- Task goal
Leaving out the pictures, reproduce each record exactly and in full.

- Data extracted from a collection
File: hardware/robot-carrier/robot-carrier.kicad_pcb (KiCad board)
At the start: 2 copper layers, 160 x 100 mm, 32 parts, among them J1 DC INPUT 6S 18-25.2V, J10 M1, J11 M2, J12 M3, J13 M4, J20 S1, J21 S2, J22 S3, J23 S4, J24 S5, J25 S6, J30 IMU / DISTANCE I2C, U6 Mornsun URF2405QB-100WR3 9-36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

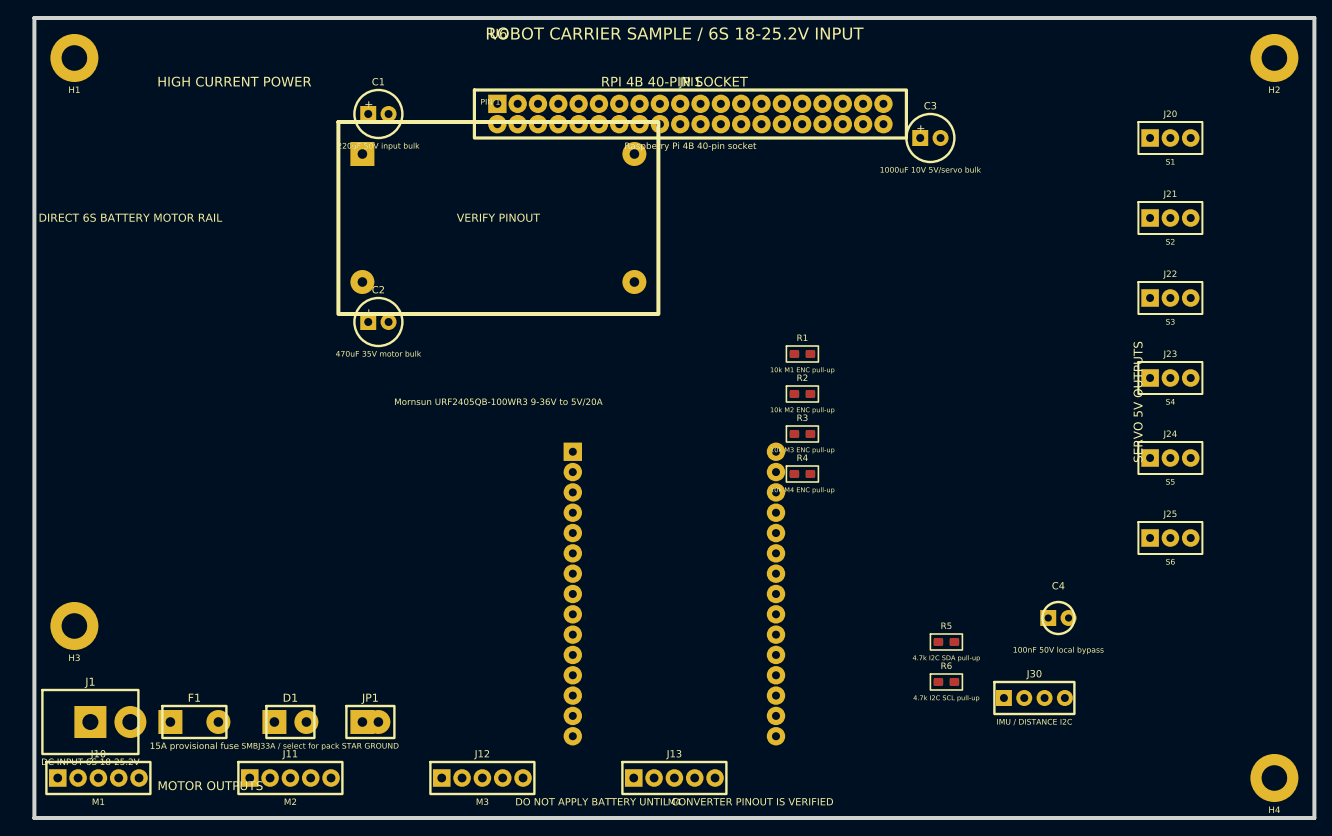
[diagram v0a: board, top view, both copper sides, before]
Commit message: Add compact ESP32 robot carrier placement
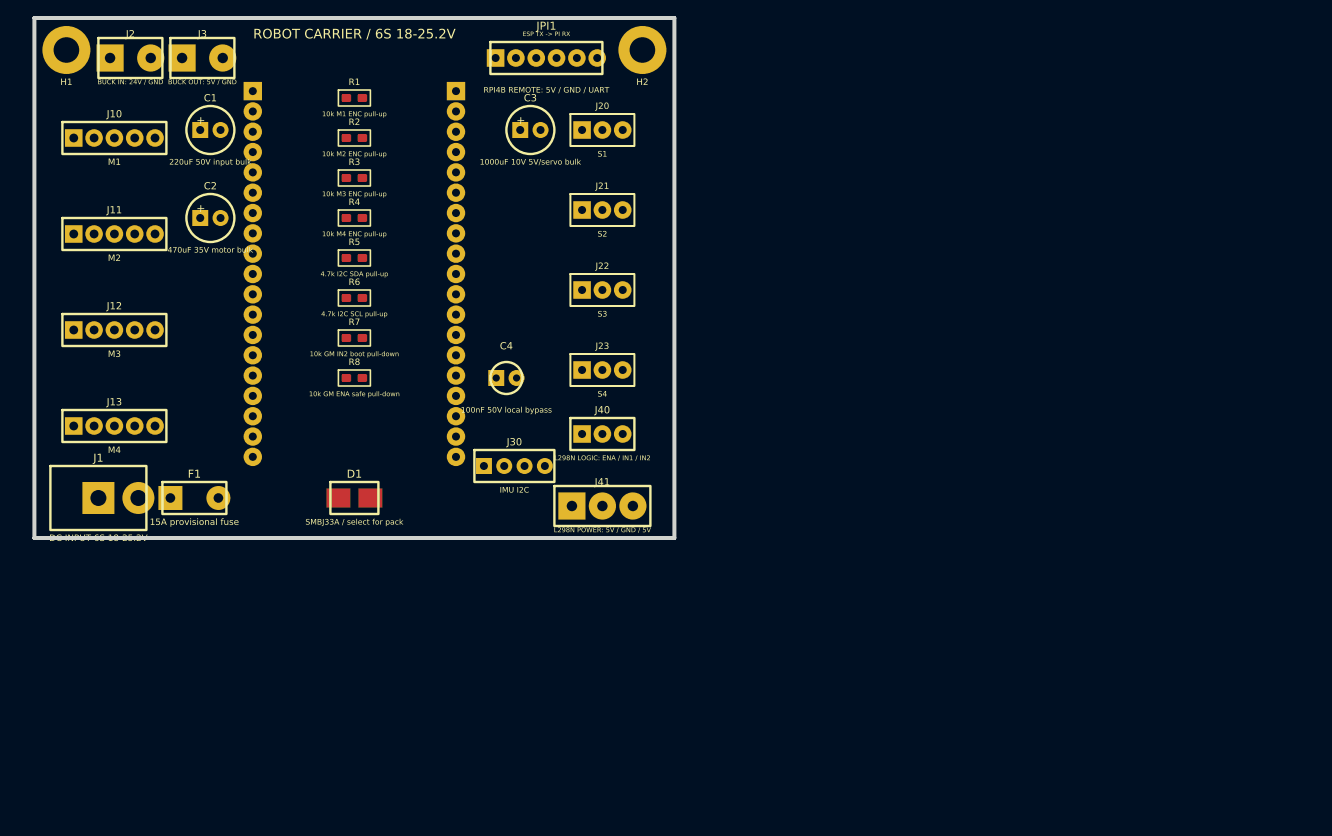
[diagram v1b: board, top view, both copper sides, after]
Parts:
- removed H3, H4: M3, Custom:MountingHole_M3
- removed J24: S5, Custom:SERVO_3PIN
- removed J25: S6, Custom:SERVO_3PIN
- removed JP1: STAR GROUND, Custom:POWER_LINK
- removed U6: Mornsun URF2405QB-100WR3 9-36V to 5V/20A, Custom:CONVERTER_1_4_BRICK
- added J2: BUCK IN: 24V / GND, Custom:TERM_BLOCK_1X02, F.Cu at (32.0, 25.0)
- added J3: BUCK OUT: 5V / GND, Custom:TERM_BLOCK_1X02, F.Cu at (41.0, 25.0)
- added J40: L298N LOGIC: ENA / IN1 / IN2, Custom:DUPONT_MALE_1X03, F.Cu at (91.0, 72.0)
- added J41: L298N POWER: 5V / GND / 5V, Custom:TERM_BLOCK_1X03, F.Cu at (91.0, 81.0)
- added R7: 10k GM IN2 boot pull-down, Custom:R_0805, F.Cu at (60.0, 60.0)
- added R8: 10k GM ENA safe pull-down, Custom:R_0805, F.Cu at (60.0, 65.0)
- J30: value IMU / DISTANCE I2C -> IMU I2C
- JESP1: value ESP32-WROOM-32 DevKit 30-pin socket -> 2x Dupont female 1x19, 38-pin ESP32 DevKitC; footprint Custom:ESP32_30PIN_SOCKET -> Custom:ESP32_DEVKITC_38PIN_SOCKET
- JPI1: value Raspberry Pi 4B 40-pin socket -> RPI4B REMOTE: 5V / GND / UART; footprint Custom:PI4B_40PIN -> Custom:PI_REMOTE_1X06_MALE
- moved R5 88.2 mm to (60.0, 50.0)
- moved R6 88.2 mm to (60.0, 55.0)
- moved J13 82.7 mm to (30.0, 71.0)
- moved J10 80.0 mm to (30.0, 35.0)
- moved H2 79.0 mm to (96.0, 24.0)
- moved C4 75.2 mm to (79.0, 65.0)
- moved J12 72.5 mm to (30.0, 59.0)
- moved J11 71.5 mm to (30.0, 47.0)
- moved J30 71.2 mm to (80.0, 76.0)
- moved J20 71.0 mm to (91.0, 34.0)
- moved J21 71.0 mm to (91.0, 44.0)
- moved J22 71.0 mm to (91.0, 54.0)
- moved J23 71.0 mm to (91.0, 64.0)
- moved R1 64.5 mm to (60.0, 30.0)
- moved R2 64.5 mm to (60.0, 35.0)
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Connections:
- J30 pad 1: +5V -> +3V3
- JESP1 pad 13: (no net) -> GM_IN2_3V3
- JESP1 pad 16: +5V -> (no net)
- JESP1 pad 17: GND -> (no net)
- JESP1 pad 18: M1_DIR_3V3 -> (no net)
- JESP1 pad 19: S5_PWM -> +5V
- JESP1 pad 20: (no net) -> GND
- JESP1 pad 21: (no net) -> M1_DIR_3V3
- JESP1 pad 22: S4_PWM -> GM_ENA_PWM_3V3
- JESP1 pad 23: S3_PWM -> PI_UART_TX_3V3
- JESP1 pad 24: M4_PWM_3V3 -> PI_UART_RX_3V3
- JESP1 pad 25: I2C_SDA -> S4_PWM
- JESP1 pad 26: M3_PWM_3V3 -> GND
- JESP1 pad 27: M2_PWM_3V3 -> S3_PWM
- JESP1 pad 28: S1_PWM -> M4_PWM_3V3
- JESP1 pad 29: (no net) -> I2C_SDA
- JESP1 pad 30: (no net) -> M3_PWM_3V3
- JESP1 pad 7: S6_PWM -> GM_IN1_3V3
- JPI1 pad 1: (no net) -> +5V
- JPI1 pad 3: I2C_SDA -> GND
- JPI1 pad 4: +5V -> GND
- JPI1 pad 5: I2C_SCL -> PI_UART_TX_3V3
- JPI1 pad 6: GND -> PI_UART_RX_3V3
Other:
- board size 160 x 100 mm -> 80 x 65 mm
- board text added: "ROBOT CARRIER / 6S 18-25.2V"
- board text removed: "DIRECT 6S BATTERY MOTOR RAIL"
- board text removed: "DO NOT APPLY BATTERY UNTIL CONVERTER PINOUT IS VERIFIED"
- board text removed: "HIGH CURRENT POWER"
- board text removed: "MOTOR OUTPUTS"
- board text removed: "ROBOT CARRIER SAMPLE / 6S 18-25.2V INPUT"
- board text removed: "RPI 4B 40-PIN SOCKET"
- board text removed: "SERVO 5V OUTPUTS"

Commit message: Refine carrier input and IMU interface
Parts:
- C1: value 220uF 50V input bulk -> 220uF 50V, LCSC C44705; footprint Custom:RADIAL_CAP -> Capacitor_THT:CP_Radial_D10.0mm_P5.00mm
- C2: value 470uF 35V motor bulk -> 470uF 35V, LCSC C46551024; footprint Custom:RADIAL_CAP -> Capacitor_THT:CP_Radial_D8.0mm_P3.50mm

- Expected answer
File: hardware/robot-carrier/robot-carrier.kicad_pcb (KiCad board)
At the start: 2 copper layers, 160 x 100 mm, 32 parts, among them J1 DC INPUT 6S 18-25.2V, J10 M1, J11 M2, J12 M3, J13 M4, J20 S1, J21 S2, J22 S3, J23 S4, J24 S5, J25 S6, J30 IMU / DISTANCE I2C, U6 Mornsun URF2405QB-100WR3 9-36

[diagram v0a: board, top view, both copper sides, before]
Commit message: Add compact ESP32 robot carrier placement
[diagram v1b: board, top view, both copper sides, after]
Parts:
- removed H3, H4: M3, Custom:MountingHole_M3
- removed J24: S5, Custom:SERVO_3PIN
- removed J25: S6, Custom:SERVO_3PIN
- removed JP1: STAR GROUND, Custom:POWER_LINK
- removed U6: Mornsun URF2405QB-100WR3 9-36V to 5V/20A, Custom:CONVERTER_1_4_BRICK
- added J2: BUCK IN: 24V / GND, Custom:TERM_BLOCK_1X02, F.Cu at (32.0, 25.0)
- added J3: BUCK OUT: 5V / GND, Custom:TERM_BLOCK_1X02, F.Cu at (41.0, 25.0)
- added J40: L298N LOGIC: ENA / IN1 / IN2, Custom:DUPONT_MALE_1X03, F.Cu at (91.0, 72.0)
- added J41: L298N POWER: 5V / GND / 5V, Custom:TERM_BLOCK_1X03, F.Cu at (91.0, 81.0)
- added R7: 10k GM IN2 boot pull-down, Custom:R_0805, F.Cu at (60.0, 60.0)
- added R8: 10k GM ENA safe pull-down, Custom:R_0805, F.Cu at (60.0, 65.0)
- J30: value IMU / DISTANCE I2C -> IMU I2C
- JESP1: value ESP32-WROOM-32 DevKit 30-pin socket -> 2x Dupont female 1x19, 38-pin ESP32 DevKitC; footprint Custom:ESP32_30PIN_SOCKET -> Custom:ESP32_DEVKITC_38PIN_SOCKET
- JPI1: value Raspberry Pi 4B 40-pin socket -> RPI4B REMOTE: 5V / GND / UART; footprint Custom:PI4B_40PIN -> Custom:PI_REMOTE_1X06_MALE
- moved R5 88.2 mm to (60.0, 50.0)
- moved R6 88.2 mm to (60.0, 55.0)
- moved J13 82.7 mm to (30.0, 71.0)
- moved J10 80.0 mm to (30.0, 35.0)
- moved H2 79.0 mm to (96.0, 24.0)
- moved C4 75.2 mm to (79.0, 65.0)
- moved J12 72.5 mm to (30.0, 59.0)
- moved J11 71.5 mm to (30.0, 47.0)
- moved J30 71.2 mm to (80.0, 76.0)
- moved J20 71.0 mm to (91.0, 34.0)
- moved J21 71.0 mm to (91.0, 44.0)
- moved J22 71.0 mm to (91.0, 54.0)
- moved J23 71.0 mm to (91.0, 64.0)
- moved R1 64.5 mm to (60.0, 30.0)
- moved R2 64.5 mm to (60.0, 35.0)
Connections:
- J30 pad 1: +5V -> +3V3
- JESP1 pad 13: (no net) -> GM_IN2_3V3
- JESP1 pad 16: +5V -> (no net)
- JESP1 pad 17: GND -> (no net)
- JESP1 pad 18: M1_DIR_3V3 -> (no net)
- JESP1 pad 19: S5_PWM -> +5V
- JESP1 pad 20: (no net) -> GND
- JESP1 pad 21: (no net) -> M1_DIR_3V3
- JESP1 pad 22: S4_PWM -> GM_ENA_PWM_3V3
- JESP1 pad 23: S3_PWM -> PI_UART_TX_3V3
- JESP1 pad 24: M4_PWM_3V3 -> PI_UART_RX_3V3
- JESP1 pad 25: I2C_SDA -> S4_PWM
- JESP1 pad 26: M3_PWM_3V3 -> GND
- JESP1 pad 27: M2_PWM_3V3 -> S3_PWM
- JESP1 pad 28: S1_PWM -> M4_PWM_3V3
- JESP1 pad 29: (no net) -> I2C_SDA
- JESP1 pad 30: (no net) -> M3_PWM_3V3
- JESP1 pad 7: S6_PWM -> GM_IN1_3V3
- JPI1 pad 1: (no net) -> +5V
- JPI1 pad 3: I2C_SDA -> GND
- JPI1 pad 4: +5V -> GND
- JPI1 pad 5: I2C_SCL -> PI_UART_TX_3V3
- JPI1 pad 6: GND -> PI_UART_RX_3V3
Other:
- board size 160 x 100 mm -> 80 x 65 mm
- board text added: "ROBOT CARRIER / 6S 18-25.2V"
- board text removed: "DIRECT 6S BATTERY MOTOR RAIL"
- board text removed: "DO NOT APPLY BATTERY UNTIL CONVERTER PINOUT IS VERIFIED"
- board text removed: "HIGH CURRENT POWER"
- board text removed: "MOTOR OUTPUTS"
- board text removed: "ROBOT CARRIER SAMPLE / 6S 18-25.2V INPUT"
- board text removed: "RPI 4B 40-PIN SOCKET"
- board text removed: "SERVO 5V OUTPUTS"

Commit message: Refine carrier input and IMU interface
Parts:
- C1: value 220uF 50V input bulk -> 220uF 50V, LCSC C44705; footprint Custom:RADIAL_CAP -> Capacitor_THT:CP_Radial_D10.0mm_P5.00mm
- C2: value 470uF 35V motor bulk -> 470uF 35V, LCSC C46551024; footprint Custom:RADIAL_CAP -> Capacitor_THT:CP_Radial_D8.0mm_P3.50mm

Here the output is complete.